This is what Tacitus tells us of these inhuman scenes (Annales, xv.44):‘The confession of those who were seized (viz., the Christians) disclosed a great multitude of their accomplices, and they were all jointly, not so much for the crime of setting fire to the city as for their hatred of human kind, condemned to death. They died in torments, and their torments were embittered by insult and derision. Some were nailed to crosses, others, sewn in skins of wild beasts, were exposed to the fury of dogs; others again, smeared with inflammable materials, served the purpose of torches to illuminate the darkness of night. The gardens of Nero were utilised for the melancholy spectacle,’ &c. these are the circumstances under which the first general persecution broke out against the Church, and this is how the first martyrs were done to death.

Let us now hear what some witness from the body of these Christians, and a chief amongst them, has to tell us as to the cause and motives of this outbreak of ferocity. St. Clement of Rome, Epist. l, cap. v-vi, referring to the cause of the persecution, says it was dià zhlon caì fqónon —‘owing to envy and animosity ;’ indicating thereby the feelings and the motive which guided the Jews to cast the blame of the conflagration on the Christians. Of peter he says: ‘Because of this (envy and hatred) Peter suffered not once or twice but often, and so through martyrdom passed to his crown of glory.’ On account of the same envy and hatred, ‘Paul, under the prefects [ sub Tegelino et Nymphidio Sabino ] suffered martyrdom.’ Then, passing to the great body of the faithful, he adds: ‘To these holy men who showed the way to life was joined a great multitude of the elect who suffered executions and tortures, leaving unto us a noble example. Because of this animosity women [ dressed up as] Danaides and Dirces, after suffering dreadful and monstrous indignities, persevered to the end; and though feeble of body secured the great reward.’ This persecution broke out at the beginning of August, a.d. 64. The martyrdoms of St. Peter and St. Paul, A.D. 64-66, were but separate incidents in the long course of its events. See Tacitus, ut supr.; Dom H. Leclerq, Les Martyrs, vol. i., Les Temps Néronniens: Paris, 1902.
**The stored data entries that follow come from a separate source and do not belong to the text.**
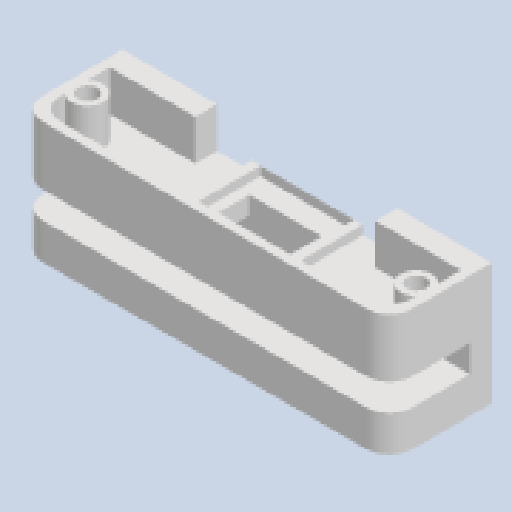
# Autodesk Inventor part: basepcb
Saved by Autodesk Inventor 2026.2 (Build 302298000, 298)
## iProperties
Created: 2026-04-10
Part Number: basepcb
Material: Generic
Document SubType Name: Modeling
Designer: Fork
Density: 1 g/cm^3
Appearance: Default
Author: Fork
Autodesk Inventor part; units mm, degrees
ref_plane "YZ Plane" through (0, 0, 0) normal (1, 0, 0) x (0, 1, 0)
ref_plane "XZ Plane" through (0, 0, 0) normal (0, 1, 0) x (-1, 0, 0)
ref_plane "XY Plane" through (0, 0, 0) normal (0, 0, 1) x (1, 0, 0)
sketch "Sketch1" plane through (0, 0, 0) normal (0, 1, 0) x (-1, 0, 0)
  line L0 (-33.5, 62.1) -> (33.5, 62.1)
  line L1 (33.5, 62.1) -> (33.5, -62.1)
  line L2 (33.5, -62.1) -> (-33.5, -62.1)
  line L3 (-33.5, -62.1) -> (-33.5, 62.1)
  line L4 (-33.5, 62.1) -> (33.5, -62.1) construction
  line L5 (33.5, 62.1) -> (-33.5, -62.1) construction
  line L6 (30.5, -59.1) -> (30.5, 59.1)
  line L7 (30.5, 59.1) -> (-30.5, 59.1)
  line L8 (-30.5, 59.1) -> (-30.5, -59.1)
  line L9 (-30.5, -59.1) -> (30.5, -59.1)
  circle A0 centre (30.5, 59.1) radius 2.25
  circle A1 centre (-30.5, 59.1) radius 2.25
  circle A2 centre (-30.5, -59.1) radius 2.25
  circle A3 centre (30.5, -59.1) radius 2.25
  line L10 (-41, 71) -> (41, 71)
  line L11 (41, 71) -> (41, -71)
  line L12 (41, -71) -> (-41, -71)
  line L13 (-41, -71) -> (-41, 71)
  line L14 (-41, 71) -> (41, -71) construction
  line L15 (41, 71) -> (-41, -71) construction
  line L16 (12.75, 87.6) -> (-7.75, 87.6)
  line L17 (-7.75, 87.6) -> (-7.75, 67.1)
  line L18 (-7.75, 67.1) -> (12.75, 67.1)
  line L19 (12.75, 67.1) -> (12.75, 87.6)
  line L20 (12.75, 87.6) -> (-7.75, 67.1) construction
  line L21 (-7.75, 87.6) -> (12.75, 67.1) construction
  line L22 (41, 71) -> (-41, 71)
  line L23 (-41, 71) -> (-41, 92)
  line L24 (-41, 92) -> (41, 92)
  line L25 (41, 92) -> (41, 71)
  point P0 (0, 0)
  point P1 (2.5, 77.35)
  point P2 (12.75, 77.35)
  point P3 (-41, 71)
  dimension "d0" = 67
  dimension "d1" = 124.2
  dimension "d2" = 3
  dimension "d3" = 4.5
  dimension "d4" = 4.5
  dimension "d5" = 4.5
  dimension "d6" = 4.5
  dimension "d9" = 82
  dimension "d10" = 142
  dimension "d27" = 20.5
  dimension "d28" = 20.5
  dimension "d29" = 5
  dimension "d30" = 28.25
  dimension "d31" = 82
  dimension "d32" = 21
  constraints: 52 end point, 10 parallel, 7 midpoint, 5 perpendicular, 4 centre point, 4 coincident, 4 horizontal, 3 other
  measures "d0" distance of L1.end L2.end
  measures "d1" distance of L0.end L1.end
  measures "d2" distance between parallel lines of L1 L6
  measures "d3" diameter of A0
  measures "d4" diameter of A1
  measures "d5" diameter of A2
  measures "d6" diameter of A3
  measures "d9" distance of L11.end L12.end
  measures "d10" distance of L10.end L11.end
  measures "d27" distance of L18.end L17.end
  measures "d28" distance of L17.end L16.end
  measures "d29" distance between parallel lines of L0 L18
  measures "d30" distance from line of L11 point (12.75, 77.35)
  measures "d31" distance of L23.end L24.end
  measures "d32" distance of L22.end L23.end
extrude "Extrusion1" add sketch "Sketch1" along normal blind 2 contours L0 L1 L2 L3 | L9 A3 L6 | L6 A3 L9 | A3 L9 A2 L8 A1 L7 A0 L6 | A0 L7 L6 | L6 L7 A0 | A2 L8 L9 | L9 L8 A2 | A1 L8 L7 | L7 L8 A1 | L23 L24 L25 L10 L19 L16 L17 | L10 L17 L18 L19 L11 L12 L13 | L17 L16 L19 L10 | L10 L19 L18 L17
sketch "Sketch3" plane through (0, 2, 0) normal (0, 1, 0) x (1, 0, 0)
  line L0 (33.5, -62.1) -> (-33.5, -62.1)
  line L1 (-33.5, -62.1) -> (-33.5, 62.1)
  line L2 (-33.5, 62.1) -> (33.5, 62.1)
  line L3 (33.5, 62.1) -> (33.5, -62.1)
  line L4 (33.5, -62.1) -> (-33.5, 62.1) construction
  line L5 (-33.5, -62.1) -> (33.5, 62.1) construction
  line L6 (-30.5, -59.1) -> (30.5, -59.1)
  line L7 (30.5, -59.1) -> (30.5, 59.1)
  line L8 (30.5, 59.1) -> (-30.5, 59.1)
  line L9 (-30.5, 59.1) -> (-30.5, -59.1)
  circle A0 centre (-30.5, -59.1) radius 2.25
  circle A1 centre (-30.5, 59.1) radius 2.25
  circle A2 centre (30.5, -59.1) radius 2.25
  circle A3 centre (30.5, 59.1) radius 2.25
  circle A4 centre (-30.5, -59.1) radius 5.25
  circle A5 centre (30.5, -59.1) radius 5.25
  circle A6 centre (-30.5, 59.1) radius 5.25
  circle A7 centre (30.5, 59.1) radius 5.25
  point P0 (0, 0)
  dimension "d11" = 67
  dimension "d12" = 124.2
  dimension "d13" = 3
  dimension "d14" = 4.5
  dimension "d15" = 4.5
  dimension "d16" = 4.5
  dimension "d17" = 4.5
  dimension "d18" = 3
  dimension "d19" = 3
  dimension "d20" = 3
  dimension "d21" = 3
  constraints: 20 end point, 8 centre point, 4 coincident, 4 parallel, 2 midpoint, 2 perpendicular, 1 horizontal, 3 other
  measures "d11" distance of L1.end L2.end
  measures "d12" distance of L0.end L1.end
  measures "d13" distance between parallel lines of L0 L6
  measures "d14" diameter of A0
  measures "d15" diameter of A1
  measures "d16" diameter of A2
  measures "d17" diameter of A3
  measures "d18" radial gap between concentric circles of A0 A4
  measures "d19" radial gap between concentric circles of A2 A5
  measures "d20" radial gap between concentric circles of A1 A6
  measures "d21" radial gap between concentric circles of A3 A7
extrude "Extrusion2" add sketch "Sketch3" along normal blind 15 contours L3 A5 L0 | L0 A5 L6 A2 L7 L3 | A4 L1 L0 | L0 L1 A4 L9 A0 L6 | A5 L7 A2 L6 | A7 L7 A3 L8 L2 L3 | L3 L2 A7 | L6 A0 L9 A4 | A7 L8 A3 L7 | A6 L2 L1 | L1 L2 A6 L8 A1 L9 | L9 A1 L8 A6
sketch "Sketch5" plane through (0, 2, 0) normal (0, 1, 0) x (1, 0, 0)
  line L0 (41, 71) -> (-41, 71) projected
  line L1 (-41, 71) -> (-41, -92) projected
  line L2 (41, 71) -> (-41, 71)
  line L3 (-41, 71) -> (-41, -92)
  line L4 (41, -92) -> (41, 71) projected
  line L5 (-41, -66.1) -> (-41, 71)
  circle A0 centre (-30.5, -59.1) radius 5.25 projected
  line L6 (-41, 71) -> (41, 71)
  line L7 (41, 71) -> (41, -71.1)
  line L8 (41, -71.1) -> (-41, -71.1)
  line L9 (-41, -71.1) -> (-41, 71)
  line L10 (-39, -69.1) -> (39, -69.1)
  line L11 (39, -69.1) -> (39, 69)
  line L12 (39, 69) -> (-39, 69)
  line L13 (-39, 69) -> (-39, -69.1)
  line L14 (-20, -69.1) -> (20, -69.1)
  line L15 (20, -69.1) -> (20, -71.1)
  line L16 (20, -71.1) -> (-20, -71.1)
  line L17 (-20, -71.1) -> (-20, -69.1)
  point P0 (0, 0)
  point P1 (-20, -70.1)
  point P2 (0, -69.1)
  point P3 (-41, -71.1)
  dimension "d107" = 12
  dimension "d108" = 2
  dimension "d109" = 2
  dimension "d110" = 2
  dimension "d111" = 2
  dimension "d112" = 40
  dimension "d113" = 2
  dimension "d114" = 20
  constraints: 30 end point, 6 parallel, 4 horizontal, 4 perpendicular, 2 midpoint, 2 point on line
  measures "d107" distance from line of L8 A0.centre
  measures "d108" distance between parallel lines of L1 L13
  measures "d109" distance between parallel lines of L8 L10
  measures "d110" distance between parallel lines of L4 L11
  measures "d111" distance between parallel lines of L0 L12
  measures "d112" distance of L15.end L16.end
  measures "d113" distance of L14.end L15.end
  measures "d114" horizontal distance of point (-20, -70.1) point (0, -69.1)
extrude "Extrusion4" add sketch "Sketch5" along normal blind 25 contours L4 L8 L15 L10 L11 L12 L13 L17 L1 L0
sketch "Sketch7" plane through (0, 2, 0) normal (0, 1, 0) x (1, 0, 0)
  circle A0 centre (-36, 66) radius 2.1
  circle A1 centre (-36, 66) radius 4
  circle A2 centre (36, 66) radius 2.1
  circle A3 centre (-36, -66.1) radius 2.1
  circle A4 centre (36, -66.1) radius 2.1
  circle A5 centre (36, 66) radius 4
  circle A6 centre (36, -66.1) radius 4
  circle A7 centre (-36, -66.1) radius 4
  line L0 (-39, -69.1) -> (-39, 69) projected
  line L1 (-39, 69) -> (39, 69) projected
  line L2 (-20, -69.1) -> (-39, -69.1) projected
  line L3 (39, 69) -> (39, -69.1) projected
  line L4 (39, -69.1) -> (20, -69.1) projected
  point P0 (0, 0)
  dimension "d36" = 4.2
  dimension "d39" = 8
  dimension "d44" = 4.2
  dimension "d45" = 4.2
  dimension "d46" = 4.2
  dimension "d53" = 8
  dimension "d54" = 8
  dimension "d55" = 8
  dimension "d115" = 3
  dimension "d116" = 3
  dimension "d117" = 3
  dimension "d118" = 3
  dimension "d119" = 3
  dimension "d121" = 3
  dimension "d122" = 3
  dimension "d123" = 3
  constraints: 8 centre point, 4 coincident
  measures "d36" diameter of A0
  measures "d39" diameter of A1
  measures "d44" diameter of A2
  measures "d45" diameter of A3
  measures "d46" diameter of A4
  measures "d53" diameter of A5
  measures "d54" diameter of A6
  measures "d55" diameter of A7
  measures "d115" distance from line of L0 A0.centre
  measures "d116" distance from line of L1 A0.centre
  measures "d117" distance from line of L2 A7.centre
  measures "d118" distance from line of L0 A7.centre
  measures "d119" distance from line of L3 A6.centre
  measures "d121" distance from line of L3 A5.centre
  measures "d122" distance from line of L1 A2.centre
  measures "d123" distance from line of L4 A4.centre
extrude "Extrusion5" add sketch "Sketch7" along normal up to surface (25 mm away) contours A1 L0 L1 | L1 A1 | A1 L0 | A5 L3 | L3 A5 L1 | L1 A5 | A6 L3 | L3 A6 L4 | L4 A6 | A7 L2 L0 | L0 A7 | A7 L2 picked at (-35.9156, 68.6949) picked at (36.0844, 68.6949) picked at (36.0844, -68.7949) picked at (-36.0844, -68.7949)
sketch "Sketch8" plane through (0, 2, 0) normal (0, 1, 0) x (1, 0, 0)
  line L0 (41, -92) -> (41, -71.1) projected
  line L1 (-41, -92) -> (41, -92)
  line L2 (41, -92) -> (41, -71.1)
  line L3 (41, -71.1) -> (-41, -71.1)
  line L4 (-41, -71.1) -> (-41, -92)
  point P0 (0, 0)
  point P1 (37.4215, -69.1)
  constraints: 8 end point, 2 parallel, 1 horizontal, 1 perpendicular
extrude "Extrusion6" add sketch "Sketch8" along normal blind 8
sketch "Sketch18" plane through (20, 27, 71.1) normal (0, 0, 1) x (1, 0, 0)
  line L0 (-61, -27) -> (-61, 0) projected
  line L1 (21, -27) -> (21, 0) projected
  line L2 (-61, 0) -> (21, 0)
  line L3 (21, 0) -> (21, -13)
  line L4 (21, -13) -> (-61, -13)
  line L5 (-61, -13) -> (-61, 0)
  line L6 (-61, -17) -> (21, -17) projected
  line L7 (-61, -13) -> (21, -13)
  line L8 (21, -13) -> (21, -3)
  line L9 (21, -3) -> (-61, -3)
  line L10 (-61, -3) -> (-61, -13)
  point P0 (-20, -27)
  point P1 (21, -3)
  dimension "d124" = 4
  dimension "d125" = 10
  constraints: 16 end point, 4 parallel, 2 horizontal, 2 perpendicular, 2 point on line
  measures "d124" distance between parallel lines of L4 L6
  measures "d125" distance of L8.end L7.end
extrude "Extrusion16" add sketch "Sketch18" along normal up to surface (20.9 mm away) contours L0 L9 L1 L4
sketch "Sketch19" plane through (-20, 24, 71.1) normal (0, 1, 0) x (1, 0, 0)
  line L0 (-21, 142.1) -> (-21, -20.9) projected
  line L1 (40, 0) -> (61, 0) projected
  line L2 (-21, -20.9) -> (61, -20.9)
  line L3 (61, -20.9) -> (61, 0)
  line L4 (61, 0) -> (-21, 0)
  line L5 (-21, 0) -> (-21, -20.9)
  line L6 (-19, -2) -> (59, -2)
  line L7 (59, -2) -> (59, -18.9)
  line L8 (59, -18.9) -> (-19, -18.9)
  line L9 (-19, -18.9) -> (-19, -2)
  line L10 (0, 0) -> (0, -2)
  line L11 (40, 0) -> (40, -2)
  point P0 (20, 71.1)
  dimension "d128" = 2
  constraints: 20 end point, 4 parallel, 4 perpendicular, 2 point on line, 1 horizontal, 3 other
  measures "d128" distance between parallel lines of L4 L6
extrude "Extrusion17" cut sketch "Sketch19" against normal blind 6 contours L4 L11 L6 L10 | L6 L7 L8 L9
sketch "Sketch20" plane through (-20, 18, 71.1) normal (0, 1, 0) x (1, 0, 0)
  line L0 (59, -18.9) -> (-19, -18.9) projected
  line L1 (20, -18.9) -> (20, 0)
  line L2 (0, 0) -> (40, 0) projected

In the days of the Apostles there stood prominent in the vicinity of the Coliseum a huge statue of Nero. the site was not exactly known, but during recent excavations and researches made in the vicinity of the present church of Santa Francesca Romana, the site of the statue appears to be ascertained. The campanile of the church is said to occupy almost exactly the spot where had stood that statue of ‘Nero-Helios,’ a standing bronze-gilt figure, 120 feet high, placed in the centre of the atrium of the ‘Golden-House.’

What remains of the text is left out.